Does Scientific American even employ fact checkers?

The study's authors show that St. John's wort affects the liver enzyme cytochrome P450 3A4, essential to metabolizing at least half of all prescription drugs, thereby speeding up the breakdown process and shortchanging patients of their lifesaving medications.

Aaaactually...though St. John's Wort is metabolized by the cytochrome P450 enzyme (so is grapefruit juice, by the way -- avoid both of them if you're on blood pressure meds) it doesn't "speed up the breakdown process" -- it slows it down, which could lead to an overdose of your meds.

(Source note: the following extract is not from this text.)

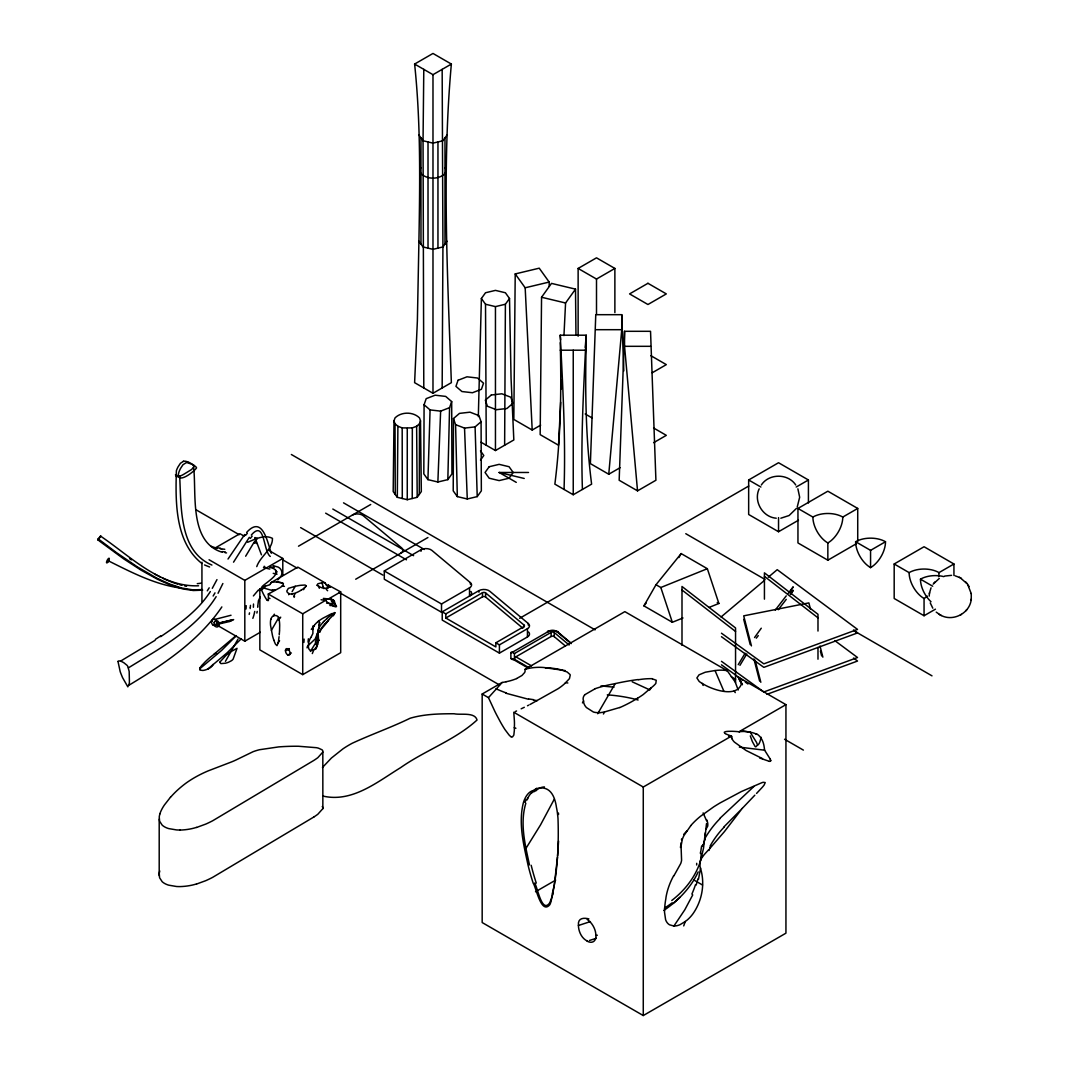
<?xml version="1.0" encoding="UTF-8"?>
<svg xmlns="http://www.w3.org/2000/svg" width="1069" height="1069" viewBox="0 0 1069 1069"><rect width="100%" height="100%" fill="white"/><g stroke="black" fill="none" stroke-linecap="round" stroke-linejoin="round"><path stroke-width="1.5" d="M402.291 498.501L402.185 427.907L397.895 426.25L395.022 423.778L394.007 420.839L395.022 417.912C401.303 411.592 413.209 411.592 419.502 417.912L420.505 420.839L421.32 491.566L417.204 497.312L407.262 499.691L397.307 497.312L393.192 491.566L394.007 420.839M428.014 248.142L428.014 141.95M326.245 600.431L321.088 599.749M395.249 494.439L395.022 423.778M397.895 426.25L397.307 497.312M420.972 244.079L420.972 137.888M437.956 141.95L437.956 248.142M587.389 941.067C581.643 938.502 578.436 931.353 578.409 925.139C577.781 917.656 584.048 917.683 588.899 918.899M725.544 733.735L726.867 734.363A46.194 26.672 0 0 0 730.033 735.566L731.49 736.087A4.597 2.659 -60 0 0 731.677 736.755L732.118 738.853M420.505 420.839L419.502 423.778L416.629 426.25L412.327 427.907L412.233 498.501M423.792 387.967L423.043 140.761L423.792 69.365M424.086 404.75L423.818 473.888L427.934 479.634L437.876 481.999L447.831 479.634L451.946 473.888L451.679 401.583L445.693 396.412L435.136 395.196L426.184 398.657L424.086 404.75L430.072 409.921L440.628 411.124L449.568 407.677L451.679 401.583M453.483 418.554L453.216 490.858L457.332 496.604L467.273 498.982L477.228 496.604L481.344 490.858L481.077 421.721L478.965 415.627L470.026 412.18L459.47 413.382L453.483 418.554L455.581 424.647L457.332 496.604M486.261 445.238L485.513 304.237L481.384 298.505L485.513 292.759L495.455 290.38L505.396 292.759L509.512 298.505L511.049 378.159L513.828 439.947L495.455 450.543L481.01 442.219M444.985 137.888L444.985 244.079M700.983 859.917L701.184 853.369M308.286 645.476L315.235 638.928L318.134 631.472M318.081 633.409L319.604 622.532L318.575 620.595M418.914 241.22L417.378 320.874L414.612 382.662L432.985 393.272L451.359 382.662C447.63 276.604 441.791 169.958 451.359 64.06L432.985 53.45L414.612 64.06C420.812 122.882 419.957 182.158 418.914 241.22L423.043 246.952L432.985 249.331L442.927 246.952L447.042 241.22M419.502 423.778L419.262 494.439M442.165 69.365L442.927 246.952L442.165 387.967M481.384 298.505L478.324 416.603M549.212 286.345L549.172 282.056L539.23 268.185L515.218 273.931L513.828 419.436L532.202 430.045L540.673 425.141M575.95 334.61L575.51 289.138L551.497 283.392L541.555 297.249L540.166 434.642L558.539 445.238L560.664 402.278M216.766 653.64L215.23 653.413L210.165 657.301A204.62 146.266 51.6 0 0 205.101 661.938L201.694 665.559M770.762 760.687L770.014 761.382A8.071 4.664 -60 0 1 769.373 761.328L769.373 761.328M509.512 298.505L505.396 304.237L504.635 445.238M564.044 489.442C565.782 437.983 562.735 386.524 560.236 335.198L586.226 335.198C583.741 386.524 580.681 437.983 582.418 489.442M447.831 479.634L449.568 407.677M586.226 342.695C585.024 389.878 585.612 437.261 591.611 484.137L573.238 494.747L554.864 484.137C560.851 437.261 561.439 389.878 560.236 342.695M427.934 479.634L430.072 409.921M929.228 596.114L929.415 593.536M624.55 331.31L619.165 480.248L637.538 490.858L655.912 480.248L650.54 331.31L624.55 331.31L624.55 346.316L637.538 490.858M437.876 481.999L440.628 411.124M623.788 370.956L621.744 314.687L595.767 314.687L590.382 463.625L608.755 474.235L620.06 467.714M561.319 388.942L561.759 380.043M563.951 335.599L565.568 302.995L575.51 289.138M558.566 841.062L557.59 855.734M279.557 630.75L279.677 625.726A34.555 19.95 60 0 0 279.437 621.557L279.343 621.076A10.61 6.12 60 0 0 279.196 620.301L279.397 619.886M279.53 631.044L279.383 633.342M313.057 625.833L312.683 629.494M257.803 605.963L258.444 600.658L260.355 596.796M257.776 606.551L257.723 607.286M201.881 563.483C174.942 542.157 175.436 501.802 176.385 470.667A77.529 44.751 0 0 1 177.962 467.019L180.42 463.291L183.427 461.354M585.237 347.465L586.226 335.198M279.356 633.676L279.25 634.866M328.891 586.694L327.087 588.15M511.035 736.675L511.517 736.902A3.327 1.924 60 0 0 512.505 736.929L513.842 735.058L514.349 730.341A56.831 32.805 60 0 0 514.309 727.708L514.416 726.185A70.233 40.555 60 0 0 514.376 720.626L513.788 712.261L643.271 787.025L731.49 736.087M557.47 857.191L554.37 884.504M250.293 607.312L250.467 605.361M705.246 832.845L703.536 848.051L700.876 859.743M608.755 474.235L621.744 329.693L621.744 314.687M250.253 607.633L250.173 608.582M308.366 638.794L308.059 642.175M313.778 817.037A90.745 52.394 0 0 0 317.84 814.244L322.851 808.645L322.825 751.013A5.318 3.073 0 0 0 321.983 749.77L318.468 748.166A19.71 11.371 0 0 0 316.371 747.685L298.451 746.256A129.135 74.549 0 0 0 278.635 746.91L259.446 749.73A45.339 26.177 0 0 0 253.072 751.707L237.906 759.057A78.946 45.579 0 0 1 231.532 761.93L208.121 770.896A117.055 67.574 0 0 0 186.006 783.136A148.484 85.734 0 0 0 170.505 797.3M322.851 808.645L322.825 807.589A5.318 3.073 0 0 0 322.223 806.574M681.514 839.887L681.608 838.924M279.076 636.67L278.474 641.333A25.309 14.605 60 0 1 278.114 642.883L279.57 640.678M971.267 599.295L971.267 593.536M317.974 635.374L317.72 637.084M700.596 868.055L698.471 879.293M319.858 632.313L321.341 628.251L325.056 623.468M681.194 842.613L680.445 847.476M706.569 820.738L703.121 812.908M929.509 593.001L931.046 587.816M940.867 615.29C952.867 621.904 969.489 613.459 971.186 599.843M929.375 593.829L929.549 592.707M971.146 600.137L971.32 599.001M278.1 642.99L277.005 645.649L275.468 644.126A19.549 11.291 60 0 1 273.864 640.184M118.044 661.671L120.209 671.733A77.529 44.764 60 0 0 122.574 677.652L127.826 686.819L129.296 683.505A50.858 29.357 60 0 0 129.402 681.18L129.175 671.426L127.812 666.468A4.583 2.646 60 0 0 127.051 665.332L124.044 662.887A23.451 13.536 60 0 0 120.583 661.11L155.192 640.251M200.037 667.871L199.93 670.089L202.883 670.463A29.838 21.327 51.6 0 0 207.854 669.007A22.155 15.835 51.6 0 0 212.584 665.452M554.223 885.346L552.232 894.045M257.215 611.415L256.881 613.058M249.531 612.858L249.171 614.434M307.444 646.291L307.07 647.867M312.963 628.265L312.87 633.543L311.226 636.817A20.177 11.652 -60 0 0 310.892 637.378M306.242 585.852L305.053 585.024L300.723 585.291A44.003 25.402 0 0 0 295.258 586.293L288.336 588.378L286.839 590.916A6.614 3.822 0 0 0 287.614 592.654L289.205 593.763A2.926 1.684 0 0 0 290.527 594.017L291.156 594.017A4.877 2.819 0 0 0 292.425 593.816L294.656 593.322A30.36 17.532 0 0 0 301.177 590.115M761.248 737.316L760.032 741.392A31.803 18.36 60 0 1 758.896 743.971L757.654 745.093M334.022 600.978L333.795 601.673A6.387 3.688 60 0 1 333.301 602.662L333.247 602.609M702.507 846.114L702.908 844.831M322.851 752.068L317.84 757.667A90.745 52.394 0 0 1 313.778 760.46L212.624 820.792A107.007 61.788 0 0 1 205.702 824.119L196.576 827.459M708.934 850.496L710.618 846.167M700.583 860.679C695.705 876.687 684.908 890.357 671.76 900.486M525.841 803.22C519.681 823.504 525.173 844.857 529.489 864.941M708.76 849.614L705.58 853.089A54.278 31.335 -60 0 0 703.856 855.053L700.876 859.249A6.32 3.648 -60 0 0 699.968 861.681L700.008 866.371A48.439 27.968 -60 0 0 700.369 867.961C705.313 883.288 702.173 900.726 692.939 913.808A23.812 13.75 -60 0 1 685.282 921.505L683.719 925.901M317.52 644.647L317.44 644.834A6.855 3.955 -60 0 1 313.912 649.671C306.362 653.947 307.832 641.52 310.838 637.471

What a chucklehead. I'm not saying everybody should know this, but Sci Am should definitely know this.
posted by jennyjenny at 12:17 PM on November 21, 2003


Also, who ever used the phrase "86" to mean "kill someone"? I mean, outside of a bad 1930s gangster movie?

Gangsters, presumably.
posted by kindall at 12:39 PM on November 21, 2003


dejah420: "86" was common slang in 1920s diners to indicate that something on the menu was not available.

That may be...but it's still common parlance today.